= EXERCISE INSTRUCTIONS =
Please state how many lines in the records below contain the word "Mode", giving only the number.
------
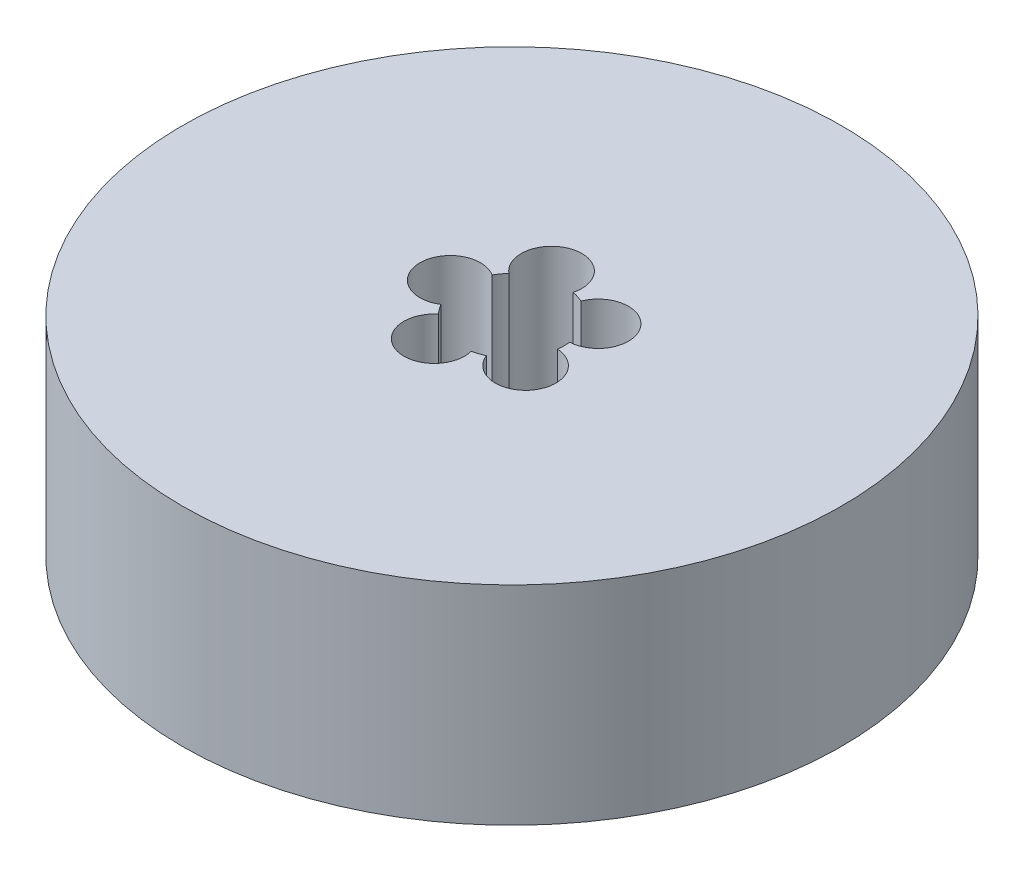
from build123d import *

# Parameters (mm, degrees)
SKETCH1_R           = 47.5
BOSS_EXTRUDE1_DEPTH = 30
SKETCH2_R           = 7.5
CUT_EXTRUDE1_DEPTH  = 74.569694848
SKETCH3_R           = 4.368899816
CUT_EXTRUDE2_DEPTH  = 26.813656841
CIRPATTERN1_COUNT   = 5


with BuildPart() as part:
    # Sketch1 → Boss-Extrude1 (new body)
    with BuildSketch(Plane(origin=(0, 0, 0), x_dir=(1, 0, 0), z_dir=(0, 1, 0))):
        Circle(SKETCH1_R)
    extrude(amount=BOSS_EXTRUDE1_DEPTH)

    # Sketch2 → Cut-Extrude1 (cut, through all)
    with BuildSketch(Plane(origin=(0, 0, 0), x_dir=(1, 0, 0), z_dir=(0, 1, 0))):
        Circle(SKETCH2_R)
    extrude(amount=CUT_EXTRUDE1_DEPTH, mode=Mode.SUBTRACT)

    # Sketch3 → Cut-Extrude2 (cut)
    with BuildSketch(Plane(origin=(0, 30, 0), x_dir=(1, 0, 0), z_dir=(0, 1, 0))):
        with Locations((-8.892401893, 0)):
            Circle(SKETCH3_R)
    cut_extrude2 = extrude(amount=-CUT_EXTRUDE2_DEPTH, mode=Mode.SUBTRACT)

    # CirPattern1: Cut-Extrude2 ×5 about axis
    cirpattern1_axis = Axis((0, 0, 0), (0, 1, 0))
    for i in range(1, CIRPATTERN1_COUNT):
        add(cut_extrude2.rotate(cirpattern1_axis, i * 360 / CIRPATTERN1_COUNT), mode=Mode.SUBTRACT)


solid = part.part
------
= RESPONSE TO THIS EXERCISE =
3